→ Activity:
The stretch wanted below opens at the line containing "Scope31 : Scope" and closes at the line containing "To File : ToFile". Please return it exactly, with no other lines.

→ Items from a dataset:
+ + + +
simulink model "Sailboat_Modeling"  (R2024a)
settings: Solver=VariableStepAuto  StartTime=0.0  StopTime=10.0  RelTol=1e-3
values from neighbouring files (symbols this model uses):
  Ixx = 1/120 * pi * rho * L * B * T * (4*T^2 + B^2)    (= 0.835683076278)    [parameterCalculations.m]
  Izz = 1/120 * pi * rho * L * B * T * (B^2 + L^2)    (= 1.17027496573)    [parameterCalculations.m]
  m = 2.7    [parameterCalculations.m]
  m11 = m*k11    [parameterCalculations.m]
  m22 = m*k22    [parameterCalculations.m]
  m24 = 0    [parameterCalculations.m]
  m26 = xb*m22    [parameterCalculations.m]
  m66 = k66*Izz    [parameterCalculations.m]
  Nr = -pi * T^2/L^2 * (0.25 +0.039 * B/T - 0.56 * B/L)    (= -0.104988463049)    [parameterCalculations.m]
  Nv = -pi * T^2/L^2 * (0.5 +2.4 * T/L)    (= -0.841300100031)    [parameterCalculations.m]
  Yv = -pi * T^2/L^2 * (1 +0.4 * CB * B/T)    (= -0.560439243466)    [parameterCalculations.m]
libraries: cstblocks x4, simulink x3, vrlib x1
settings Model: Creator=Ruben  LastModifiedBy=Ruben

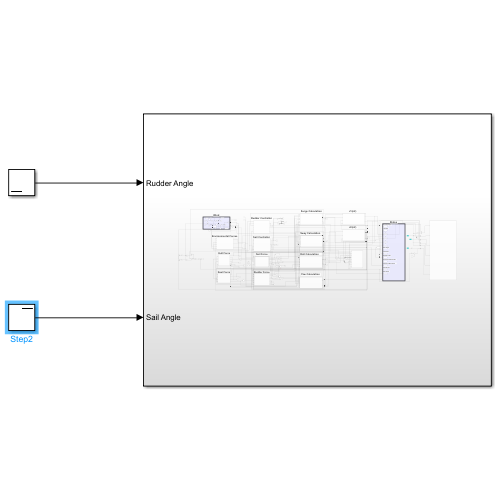
[thumbnail: Simulink's stored preview of the top-level diagram]
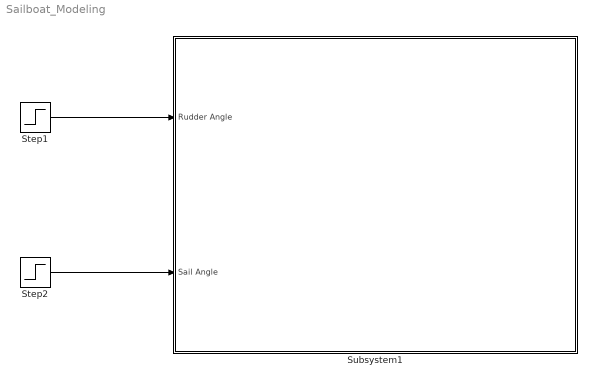
== system Sailboat_Modeling ==
  Step1 : Step  Time=0  After=0  SampleTime=0
  Step2 : Step  Time=0  After=pi/4  SampleTime=0
  Subsystem1 : Subsystem
  wires:
  Step2/1 -> Subsystem1/2(Sail Angle)
  Step1/1 -> Subsystem1/1(Rudder Angle)

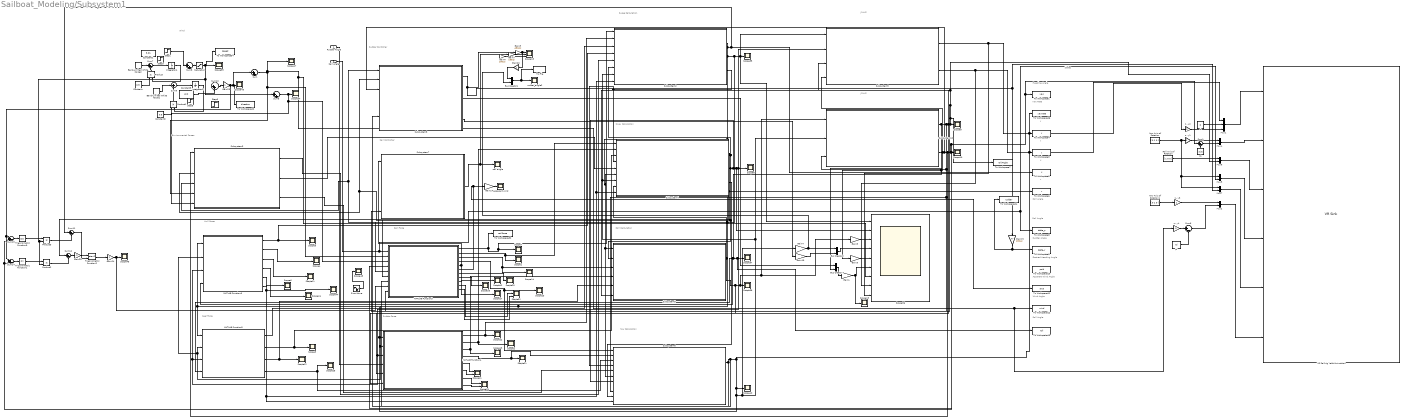
== system Sailboat_Modeling/Subsystem1 ==
  note: Keel Force
  note: Rudder Force
  note: Wind
  note: Sway Calculation
  note: Desired Heading Angle
  note: Sail Force
  note: u
  note: Environmental Forces
  note: J1(n2)
  note: Rudder Angle
  note: Apparent Wind Angle
  note: Yaw Calculation
  note: y
  note: v
  note: Surge Calculation
  note: Rudder Controller
  note: Wind Angle
  note: x
  note: States
  note: Heading Angle
  note: Sail Angle
  note: J2(n2)
  note: Sail Controller
  note: Yaw Rate
  note: Hull Force
  note: Roll Calculation
  note: Roll Angle
  note: Roll Angle
  Rudder Angle : Inport
  Sail Angle : Inport  Port=2
  Band-Limited White Noise1 : simulink/Sources/Band-Limited White Noise  Cov=[0.225]  Ts=0.01  seed=[3341]
  Band-Limited White Noise2 : simulink/Sources/Band-Limited White Noise  Cov=[0.2]  Ts=0.01  seed=[23341]
  Bus Creator : BusCreator  Inputs=2
  Bus Creator1 : BusCreator  Inputs=2
  Bus Creator2 : BusCreator  Inputs=2
  Constant : Constant  Value=0.5
  Constant1 : Constant  Value=3.01
  Constant2 : Constant  Value=0.5
  Constant3 : Constant  Value=pi/2
  Gain{1,3..7,14,18..19} (9 alike) : Gain  Gain=180/pi
  Gain20 : Gain
  Gain23 : Gain
  Gain24 : Gain
  Gain25 : Gain  Gain=-1
  Gain8 : Gain  Gain=-180/pi
  Integrator2 : Integrator  LimitOutput=on  UpperSaturationLimit=99  LowerSaturationLimit=-99
  Integrator4 : Integrator
  MATLAB Function3 : MATLAB Function  TreatAsAtomicUnit=on
  MATLAB Function4 : MATLAB Function  TreatAsAtomicUnit=on
  MATLAB Function5 : MATLAB Function  TreatAsAtomicUnit=on
  MATLAB Function6 : MATLAB Function  TreatAsAtomicUnit=on
  Mux1 : Mux  Inputs=3
  Mux{2,4..7} (5 alike) : Mux  Inputs=2
  Product{,1..3} (4 alike) : Product
  Roll Axis of Rotation : Constant  Value=[ 1 0 0 ]
  Saturation : Saturate  UpperLimit=6  LowerLimit=0
  Scope{1..14,17,19..27,34..35,37..40,42..45,48} (35 alike) : Scope
  Scope15 : Scope  NumInputPorts=3
  Scope31 : Scope  NumInputPorts=2
  Scope32 : Scope  NumInputPorts=2
  Scope36 : Scope  NumInputPorts=9
  Scope41 : Scope  NumInputPorts=2
  Sine Wave : Sin  Amplitude=pi  SampleTime=0
  Step1 : Step  Time=0  After=2  SampleTime=0
  Step3 : Step  Time=10  After=0.5  SampleTime=0
  Step5 : Step  Time=40  After=0.5  SampleTime=0
  Step6 : Step  Time=30  After=0.5  SampleTime=0
  Subsystem10 : Subsystem
  Subsystem2 : Subsystem
  Subsystem3 : Subsystem
  Subsystem4 : Subsystem
  Subsystem5 : Subsystem
  Subsystem6 : Subsystem
  Subsystem7 : Subsystem
  Subsystem8 : Subsystem
  Subsystem9 : Subsystem
  Sum{,5,8,10} (4 alike) : Sum  Inputs=|++
  Sum1 : Sum  Inputs=|+-  SaturateOnIntegerOverflow=on
  Sum{6..7,9,11..12} (5 alike) : Sum  Inputs=|+-
  Sum13 : Sum  Inputs=|-+-
  Sum14 : Sum  Inputs=|-+-
  To File : ToFile  Filename=sim_step.mat  SaveFormat=Timeseries
  To Workspace1 : ToWorkspace  VariableName=yaw  SaveFormat=Timeseries  SampleTime=0.01
  To Workspace10 : ToWorkspace  VariableName=psid  SaveFormat=Timeseries  SampleTime=0.01
  To Workspace11 : ToWorkspace  VariableName=awa  SaveFormat=Timeseries  SampleTime=-1
  To Workspace12 : ToWorkspace  VariableName=wind  SaveFormat=Timeseries  SampleTime=-1
  To Workspace13 : ToWorkspace  VariableName=roll  SaveFormat=Timeseries  SampleTime=-1
  To Workspace22 : ToWorkspace  VariableName=direction  SaveFormat=Timeseries  SampleTime=-1
  To Workspace24 : ToWorkspace  VariableName=rudder  SaveFormat=Timeseries  SampleTime=0.01
  To Workspace26 : ToWorkspace  VariableName=yawrate  SaveFormat=Timeseries  SampleTime=0.01
  To Workspace3 : ToWorkspace  VariableName=x  SaveFormat=Timeseries  SampleTime=-1
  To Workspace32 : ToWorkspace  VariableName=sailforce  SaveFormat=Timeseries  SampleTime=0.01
+ + + +
→ Task result:
  Scope31 : Scope  NumInputPorts=2
  Scope32 : Scope  NumInputPorts=2
  Scope36 : Scope  NumInputPorts=9
  Scope41 : Scope  NumInputPorts=2
  Sine Wave : Sin  Amplitude=pi  SampleTime=0
  Step1 : Step  Time=0  After=2  SampleTime=0
  Step3 : Step  Time=10  After=0.5  SampleTime=0
  Step5 : Step  Time=40  After=0.5  SampleTime=0
  Step6 : Step  Time=30  After=0.5  SampleTime=0
  Subsystem10 : Subsystem
  Subsystem2 : Subsystem
  Subsystem3 : Subsystem
  Subsystem4 : Subsystem
  Subsystem5 : Subsystem
  Subsystem6 : Subsystem
  Subsystem7 : Subsystem
  Subsystem8 : Subsystem
  Subsystem9 : Subsystem
  Sum{,5,8,10} (4 alike) : Sum  Inputs=|++
  Sum1 : Sum  Inputs=|+-  SaturateOnIntegerOverflow=on
  Sum{6..7,9,11..12} (5 alike) : Sum  Inputs=|+-
  Sum13 : Sum  Inputs=|-+-
  Sum14 : Sum  Inputs=|-+-
  To File : ToFile  Filename=sim_step.mat  SaveFormat=Timeseries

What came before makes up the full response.